Let $\omega_f \left({x}\right)$ be the oscillation of $f$ at $x$:

$\omega_f \left({x}\right) = \displaystyle \inf \left\{ \omega_f \left({I}\right): I \in N_x \right\}$

where:

$\omega_f \left({I}\right) = \displaystyle \sup \left\{{\left\vert{f \left({y}\right) - f \left({z}\right)}\right\vert: y, z \in I \cap D}\right\}$


Then $\omega_f \left({x}\right) = 0$ if and only if $f$ is continuous at $x$.


Proof

Necessary Condition

Let $\omega_f \left({x}\right) = 0$.

Let $\epsilon > 0$.

Suppose that $\forall I: I \in N_x: \omega_f \left({I} \right) \ge \epsilon$.

Then by definition, $\omega_f \left({x}\right) \ge \epsilon$.

This contradicts $\omega_f \left({x}\right) = 0$.

From this contradiction we deduce that:

$\exists I: I \in N_x: \omega_f \left({I}\right) < \epsilon$

For this particular $I$, there is an open set $O \subset I$ by the definition of open subset neighborhood.

Therefore, a $\delta \in \R_{>0}$ exists such that $\left({x - \delta \,.\,.\, x + \delta}\right)$ is a subset of $O$.

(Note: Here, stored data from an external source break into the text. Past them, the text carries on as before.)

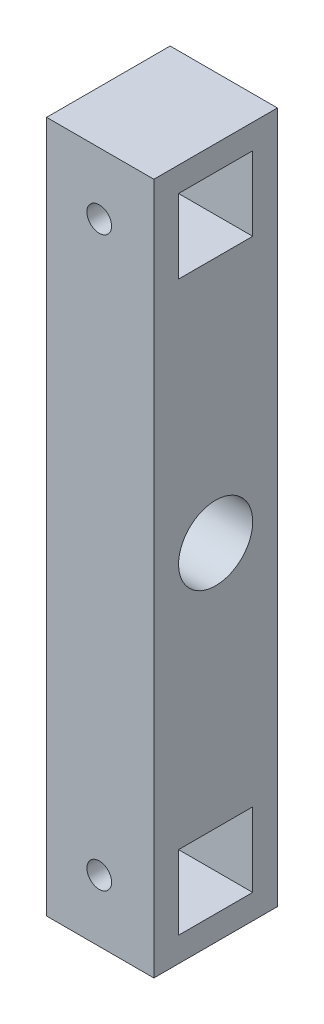
ISO-10303-21;
HEADER;
FILE_DESCRIPTION(('STEP AP214'),'2;1');
FILE_NAME('part.step','',(''),(''),'','','');
FILE_SCHEMA(('AUTOMOTIVE_DESIGN { 1 0 10303 214 1 1 1 1 }'));
ENDSEC;
DATA;
#1=APPLICATION_CONTEXT('core data for automotive mechanical design processes');
#2=APPLICATION_PROTOCOL_DEFINITION('international standard','automotive_design',2000,#1);
#3=PRODUCT_CONTEXT('',#1,'mechanical');
#4=PRODUCT('Part','Part','',(#3));
#5=PRODUCT_RELATED_PRODUCT_CATEGORY('part','',(#4));
#6=PRODUCT_DEFINITION_FORMATION('','',#4);
#7=PRODUCT_DEFINITION_CONTEXT('part definition',#1,'design');
#8=PRODUCT_DEFINITION('design','',#6,#7);
#9=PRODUCT_DEFINITION_SHAPE('','',#8);
#10=(LENGTH_UNIT() NAMED_UNIT(*) SI_UNIT(.MILLI.,.METRE.));
#11=(NAMED_UNIT(*) PLANE_ANGLE_UNIT() SI_UNIT($,.RADIAN.));
#12=(NAMED_UNIT(*) SI_UNIT($,.STERADIAN.) SOLID_ANGLE_UNIT());
#13=UNCERTAINTY_MEASURE_WITH_UNIT(LENGTH_MEASURE(1.E-05),#10,'distance_accuracy_value','');
#14=(GEOMETRIC_REPRESENTATION_CONTEXT(3) GLOBAL_UNCERTAINTY_ASSIGNED_CONTEXT((#13)) GLOBAL_UNIT_ASSIGNED_CONTEXT((#10,
#11,#12)) REPRESENTATION_CONTEXT('',''));
#15=CARTESIAN_POINT('',(0.,0.,0.));
#16=DIRECTION('',(0.,0.,1.));
#17=DIRECTION('',(1.,0.,0.));
#18=AXIS2_PLACEMENT_3D('',#15,#16,#17);
#19=CARTESIAN_POINT('',(208.703134794514,0.,50.));
#20=DIRECTION('',(-1.,0.,0.));
#21=DIRECTION('',(0.,0.,1.));
#22=AXIS2_PLACEMENT_3D('',#19,#20,#21);
#23=PLANE('',#22);
#24=CARTESIAN_POINT('',(208.703134794514,-115.,25.));
#25=DIRECTION('',(-1.,0.,0.));
#26=DIRECTION('',(0.,0.,1.));
#27=AXIS2_PLACEMENT_3D('',#24,#25,#26);
#28=CIRCLE('',#27,15.);
#29=CARTESIAN_POINT('',(208.703134794514,-115.,40.));
#30=VERTEX_POINT('',#29);
#31=EDGE_CURVE('E315',#30,#30,#28,.T.);
#32=ORIENTED_EDGE('',*,*,#31,.F.);
#33=EDGE_LOOP('',(#32));
#34=FACE_BOUND('',#33,.T.);
#35=DIRECTION('',(0.,0.,1.));
#36=VECTOR('',#35,1.);
#37=CARTESIAN_POINT('',(208.703134794514,-15.,50.));
#38=LINE('',#37,#36);
#39=CARTESIAN_POINT('',(208.703134794514,-15.,10.));
#40=VERTEX_POINT('',#39);
#41=CARTESIAN_POINT('',(208.703134794514,-15.,40.));
#42=VERTEX_POINT('',#41);
#43=EDGE_CURVE('E196',#40,#42,#38,.T.);
#44=ORIENTED_EDGE('',*,*,#43,.F.);
#45=DIRECTION('',(0.,1.,0.));
#46=VECTOR('',#45,1.);
#47=CARTESIAN_POINT('',(208.703134794514,0.,10.));
#48=LINE('',#47,#46);
#49=CARTESIAN_POINT('',(208.703134794514,15.,10.));
#50=VERTEX_POINT('',#49);
#51=EDGE_CURVE('E190',#40,#50,#48,.T.);
#52=ORIENTED_EDGE('',*,*,#51,.T.);
#53=DIRECTION('',(0.,0.,1.));
#54=VECTOR('',#53,1.);
#55=CARTESIAN_POINT('',(208.703134794514,15.,50.));
#56=LINE('',#55,#54);
#57=CARTESIAN_POINT('',(208.703134794514,15.,40.));
#58=VERTEX_POINT('',#57);
#59=EDGE_CURVE('E193',#50,#58,#56,.T.);
#60=ORIENTED_EDGE('',*,*,#59,.T.);
#61=DIRECTION('',(0.,1.,0.));
#62=VECTOR('',#61,1.);
#63=CARTESIAN_POINT('',(208.703134794514,0.,40.));
#64=LINE('',#63,#62);
#65=EDGE_CURVE('E186',#42,#58,#64,.T.);
#66=ORIENTED_EDGE('',*,*,#65,.F.);
#67=EDGE_LOOP('',(#44,#52,#60,#66));
#68=FACE_BOUND('',#67,.T.);
#69=DIRECTION('',(0.,1.,0.));
#70=VECTOR('',#69,1.);
#71=CARTESIAN_POINT('',(208.703134794514,0.,0.));
#72=LINE('',#71,#70);
#73=CARTESIAN_POINT('',(208.703134794514,-255.,0.));
#74=VERTEX_POINT('',#73);
#75=CARTESIAN_POINT('',(208.703134794514,25.,0.));
#76=VERTEX_POINT('',#75);
#77=EDGE_CURVE('E227',#74,#76,#72,.T.);
#78=ORIENTED_EDGE('',*,*,#77,.F.);
#79=DIRECTION('',(0.,0.,-1.));
#80=VECTOR('',#79,1.);
#81=CARTESIAN_POINT('',(208.703134794514,-255.,50.));
#82=LINE('',#81,#80);
#83=CARTESIAN_POINT('',(208.703134794514,-255.,50.));
#84=VERTEX_POINT('',#83);
#85=EDGE_CURVE('E45',#84,#74,#82,.T.);
#86=ORIENTED_EDGE('',*,*,#85,.F.);
#87=DIRECTION('',(0.,1.,0.));
#88=VECTOR('',#87,1.);
#89=CARTESIAN_POINT('',(208.703134794514,0.,50.));
#90=LINE('',#89,#88);
#91=CARTESIAN_POINT('',(208.703134794514,25.,50.));
#92=VERTEX_POINT('',#91);
#93=EDGE_CURVE('E214',#84,#92,#90,.T.);
#94=ORIENTED_EDGE('',*,*,#93,.T.);
#95=DIRECTION('',(0.,0.,-1.));
#96=VECTOR('',#95,1.);
#97=CARTESIAN_POINT('',(208.703134794514,25.,50.));
#98=LINE('',#97,#96);
#99=EDGE_CURVE('E11',#92,#76,#98,.T.);
#100=ORIENTED_EDGE('',*,*,#99,.T.);
#101=EDGE_LOOP('',(#78,#86,#94,#100));
#102=FACE_BOUND('',#101,.T.);
#103=DIRECTION('',(0.,0.,1.));
#104=VECTOR('',#103,1.);
#105=CARTESIAN_POINT('',(208.703134794514,-215.,50.));
#106=LINE('',#105,#104);
#107=CARTESIAN_POINT('',(208.703134794514,-215.,10.));
#108=VERTEX_POINT('',#107);
#109=CARTESIAN_POINT('',(208.703134794514,-215.,40.));
#110=VERTEX_POINT('',#109);
#111=EDGE_CURVE('E161',#108,#110,#106,.T.);
#112=ORIENTED_EDGE('',*,*,#111,.T.);
#113=DIRECTION('',(0.,-1.,0.));
#114=VECTOR('',#113,1.);
#115=CARTESIAN_POINT('',(208.703134794514,0.,39.9999999999999));
#116=LINE('',#115,#114);
#117=CARTESIAN_POINT('',(208.703134794514,-245.,40.));
#118=VERTEX_POINT('',#117);
#119=EDGE_CURVE('E156',#110,#118,#116,.T.);
#120=ORIENTED_EDGE('',*,*,#119,.T.);
#121=DIRECTION('',(0.,0.,1.));
#122=VECTOR('',#121,1.);
#123=CARTESIAN_POINT('',(208.703134794514,-245.,50.));
#124=LINE('',#123,#122);
#125=CARTESIAN_POINT('',(208.703134794514,-245.,10.));
#126=VERTEX_POINT('',#125);
#127=EDGE_CURVE('E159',#126,#118,#124,.T.);
#128=ORIENTED_EDGE('',*,*,#127,.F.);
#129=DIRECTION('',(0.,-1.,0.));
#130=VECTOR('',#129,1.);
#131=CARTESIAN_POINT('',(208.703134794514,0.,9.99999999999997));
#132=LINE('',#131,#130);
#133=EDGE_CURVE('E133',#108,#126,#132,.T.);
#134=ORIENTED_EDGE('',*,*,#133,.F.);
#135=EDGE_LOOP('',(#112,#120,#128,#134));
#136=FACE_BOUND('',#135,.T.);
#137=ADVANCED_FACE('F36',(#34,#68,#102,#136),#23,.T.);
#138=CARTESIAN_POINT('',(252.115995137388,0.,50.));
#139=DIRECTION('',(1.,0.,0.));
#140=DIRECTION('',(0.,1.,0.));
#141=AXIS2_PLACEMENT_3D('',#138,#139,#140);
#142=PLANE('',#141);
#143=CARTESIAN_POINT('',(252.115995137388,-115.,25.));
#144=DIRECTION('',(1.,0.,0.));
#145=DIRECTION('',(0.,1.,0.));
#146=AXIS2_PLACEMENT_3D('',#143,#144,#145);
#147=CIRCLE('',#146,15.);
#148=CARTESIAN_POINT('',(252.115995137388,-100.,25.));
#149=VERTEX_POINT('',#148);
#150=EDGE_CURVE('E318',#149,#149,#147,.T.);
#151=ORIENTED_EDGE('',*,*,#150,.F.);
#152=EDGE_LOOP('',(#151));
#153=FACE_BOUND('',#152,.T.);
#154=DIRECTION('',(0.,0.,-1.));
#155=VECTOR('',#154,1.);
#156=CARTESIAN_POINT('',(252.115995137388,15.,0.));
#157=LINE('',#156,#155);
#158=CARTESIAN_POINT('',(252.115995137388,15.,40.));
#159=VERTEX_POINT('',#158);
#160=CARTESIAN_POINT('',(252.115995137388,15.,10.));
#161=VERTEX_POINT('',#160);
#162=EDGE_CURVE('E167',#159,#161,#157,.T.);
#163=ORIENTED_EDGE('',*,*,#162,.T.);
#164=DIRECTION('',(0.,-1.,0.));
#165=VECTOR('',#164,1.);
#166=CARTESIAN_POINT('',(252.115995137388,0.,10.));
#167=LINE('',#166,#165);
#168=CARTESIAN_POINT('',(252.115995137388,-15.,10.));
#169=VERTEX_POINT('',#168);
#170=EDGE_CURVE('E164',#161,#169,#167,.T.);
#171=ORIENTED_EDGE('',*,*,#170,.T.);
#172=DIRECTION('',(0.,0.,-1.));
#173=VECTOR('',#172,1.);
#174=CARTESIAN_POINT('',(252.115995137388,-15.,0.));
#175=LINE('',#174,#173);
#176=CARTESIAN_POINT('',(252.115995137388,-15.,40.));
#177=VERTEX_POINT('',#176);
#178=EDGE_CURVE('E173',#177,#169,#175,.T.);
#179=ORIENTED_EDGE('',*,*,#178,.F.);
#180=DIRECTION('',(0.,-1.,0.));
#181=VECTOR('',#180,1.);
#182=CARTESIAN_POINT('',(252.115995137388,0.,40.));
#183=LINE('',#182,#181);
#184=EDGE_CURVE('E170',#159,#177,#183,.T.);
#185=ORIENTED_EDGE('',*,*,#184,.F.);
#186=EDGE_LOOP('',(#163,#171,#179,#185));
#187=FACE_BOUND('',#186,.T.);
#188=DIRECTION('',(0.,-1.,0.));
#189=VECTOR('',#188,1.);
#190=CARTESIAN_POINT('',(252.115995137388,0.,0.));
#191=LINE('',#190,#189);
#192=CARTESIAN_POINT('',(252.115995137388,25.,0.));
#193=VERTEX_POINT('',#192);
#194=CARTESIAN_POINT('',(252.115995137389,-255.,0.));
#195=VERTEX_POINT('',#194);
#196=EDGE_CURVE('E215',#193,#195,#191,.T.);
#197=ORIENTED_EDGE('',*,*,#196,.F.);
#198=DIRECTION('',(0.,0.,-1.));
#199=VECTOR('',#198,1.);
#200=CARTESIAN_POINT('',(252.115995137388,25.,50.));
#201=LINE('',#200,#199);
#202=CARTESIAN_POINT('',(252.115995137388,25.,50.));
#203=VERTEX_POINT('',#202);
#204=EDGE_CURVE('E224',#203,#193,#201,.T.);
#205=ORIENTED_EDGE('',*,*,#204,.F.);
#206=DIRECTION('',(0.,-1.,0.));
#207=VECTOR('',#206,1.);
#208=CARTESIAN_POINT('',(252.115995137388,0.,50.));
#209=LINE('',#208,#207);
#210=CARTESIAN_POINT('',(252.115995137389,-255.,50.));
#211=VERTEX_POINT('',#210);
#212=EDGE_CURVE('E221',#203,#211,#209,.T.);
#213=ORIENTED_EDGE('',*,*,#212,.T.);
#214=DIRECTION('',(0.,0.,-1.));
#215=VECTOR('',#214,1.);
#216=CARTESIAN_POINT('',(252.115995137389,-255.,50.));
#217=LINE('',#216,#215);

So for our specific $x$, if $y$ satisfies:

$\left \vert {x - y} \right \vert < \delta$

then:

$y \in I$

and, if $y \in D$:

$\left\vert {f \left({x}\right) - f \left({y}\right)} \right\vert \le \omega_f \left({I}\right)$

Since $\omega_f \left({I}\right) < \epsilon$ it follows by the definition of continuity that $f$ is continuous at $x$.

$\Box$


Sufficient Condition

Let $f$ be continuous at $x$.

Then $\forall \epsilon > 0: \exists \delta \in \R_{>0}$ such that, if $y \in D$:

$\left\vert{x-y}\right\vert < \delta \implies \left \vert{f \left({x}\right) - f \left({y}\right)}\right\vert < \epsilon$


Let the interval $I_\delta$ be defined as:

$I_\delta := \left({x - \delta \,.\,.\, x + \delta}\right)$

$I_\delta$ is an element of $N_x$ as $I_\delta$ is a neighborhood of $x$.

We have:

\(\displaystyle \omega_f \left({I_\delta}\right)\) \(=\) \(\displaystyle \sup \left\{ {\left \vert{f \left({y}\right) - f \left({z}\right)}\right \vert : y, z \in I_\delta \cap D}\right\}\) Definition of $\omega_f \left({I_\delta}\right)$
\(\displaystyle \) \(=\) \(\displaystyle \sup \left\{ {\left \vert{f \left({y}\right) - f \left({x}\right) + f \left({x}\right) - f \left({z}\right)}\right \vert : y, z \in I_\delta \cap D}\right\}\)
\(\displaystyle \) \(\le\) \(\displaystyle \sup \left\{ {\left \vert{f \left({y}\right) - f \left({x}\right)}\right \vert + \left \vert{f \left({x}\right) - f \left({z}\right)}\right \vert : y, z \in I_\delta \cap D}\right\}\) Triangle Inequality and Supremum of Function is less than Supremum of Greater Function
\(\displaystyle \) \(=\) \(\displaystyle \sup \left\{ {\left \vert{f \left({y}\right) - f \left({x}\right)}\right \vert : y \in I_\delta \cap D}\right\} + \sup \left\{ {\left \vert{f \left({x}\right) - f \left({z}\right)}\right \vert : z \in I_\delta \cap D}\right\}\) Supremum of Sum equals Sum of Suprema
\(\displaystyle \) \(=\) \(\displaystyle \sup \left\{ {\left \vert{f \left({x}\right) - f \left({y}\right)}\right \vert : y \in I_\delta \cap D}\right\} + \sup \left\{ {\left \vert{f \left({x}\right) - f \left({y}\right)}\right \vert : y \in I_\delta \cap D}\right\}\)
\(\displaystyle \) \(=\) \(\displaystyle 2 \sup \left\{ {\left \vert{f \left({x}\right) - f \left({y}\right)}\right \vert : y \in I_\delta \cap D} \right\}\)
\(\displaystyle \) \(<\) \(\displaystyle 2 \epsilon\) as $\left \vert{f \left({x}\right) - f \left({y}\right)}\right \vert < \epsilon$ whenever $y \in I_\delta \cap D$

This gives:

\(\displaystyle \omega_f \left({x}\right)\) \(=\) \(\displaystyle \inf \left\{ {\omega_f \left({I}\right): I \in N_x}\right\}\) Definition of $\omega_f \left({x}\right)$
\(\displaystyle \) \(\le\) \(\displaystyle \omega_f \left({I_{\delta} }\right)\) Definition of Infimum and that $I_\delta \in N_x$
\(\displaystyle \) \(<\) \(\displaystyle 2 \epsilon\)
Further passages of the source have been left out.